WORK REQUIRED: Drop every picture. Return the rest of the entries exactly.

......

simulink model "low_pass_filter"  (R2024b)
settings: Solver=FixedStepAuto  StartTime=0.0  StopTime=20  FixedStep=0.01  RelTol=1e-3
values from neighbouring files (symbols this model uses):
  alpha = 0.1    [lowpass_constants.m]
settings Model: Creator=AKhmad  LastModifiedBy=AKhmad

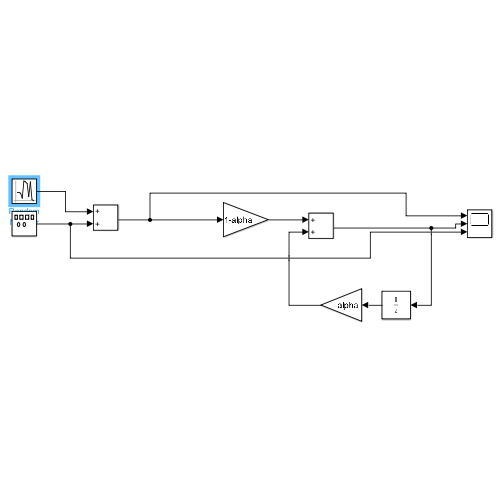
[thumbnail: Simulink's stored preview of the top-level diagram]
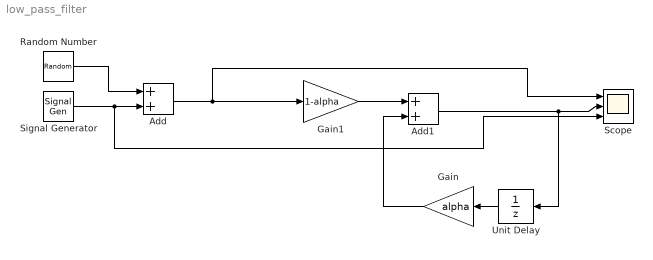
== system low_pass_filter ==
  Add : Sum
  Add1 : Sum
  Gain : Gain  Gain=alpha
  Gain1 : Gain  Gain=1-alpha
  Random Number : RandomNumber  SampleTime=0.1
  Scope : Scope  NumInputPorts=3
  Signal Generator : SignalGenerator  WaveForm=square  Amplitude=20  Frequency=0.1
  Unit Delay : UnitDelay  SampleTime=-1  HasFrameUpgradeWarning=on
  wires:
  Signal Generator/1 -> Scope/3, Add/2
  Random Number/1 -> Add/1
  Add/1 -> Scope/1, Gain1/1
  Unit Delay/1 -> Gain/1
  Gain/1 -> Add1/2
  Add1/1 -> Unit Delay/1, Scope/2
  Gain1/1 -> Add1/1

......

WRITTEN SOLUTION:
simulink model "low_pass_filter"  (R2024b)
settings: Solver=FixedStepAuto  StartTime=0.0  StopTime=20  FixedStep=0.01  RelTol=1e-3
values from neighbouring files (symbols this model uses):
  alpha = 0.1    [lowpass_constants.m]
settings Model: Creator=AKhmad  LastModifiedBy=AKhmad

[thumbnail: Simulink's stored preview of the top-level diagram]
== system low_pass_filter ==
  Add : Sum
  Add1 : Sum
  Gain : Gain  Gain=alpha
  Gain1 : Gain  Gain=1-alpha
  Random Number : RandomNumber  SampleTime=0.1
  Scope : Scope  NumInputPorts=3
  Signal Generator : SignalGenerator  WaveForm=square  Amplitude=20  Frequency=0.1
  Unit Delay : UnitDelay  SampleTime=-1  HasFrameUpgradeWarning=on
  wires:
  Signal Generator/1 -> Scope/3, Add/2
  Random Number/1 -> Add/1
  Add/1 -> Scope/1, Gain1/1
  Unit Delay/1 -> Gain/1
  Gain/1 -> Add1/2
  Add1/1 -> Unit Delay/1, Scope/2
  Gain1/1 -> Add1/1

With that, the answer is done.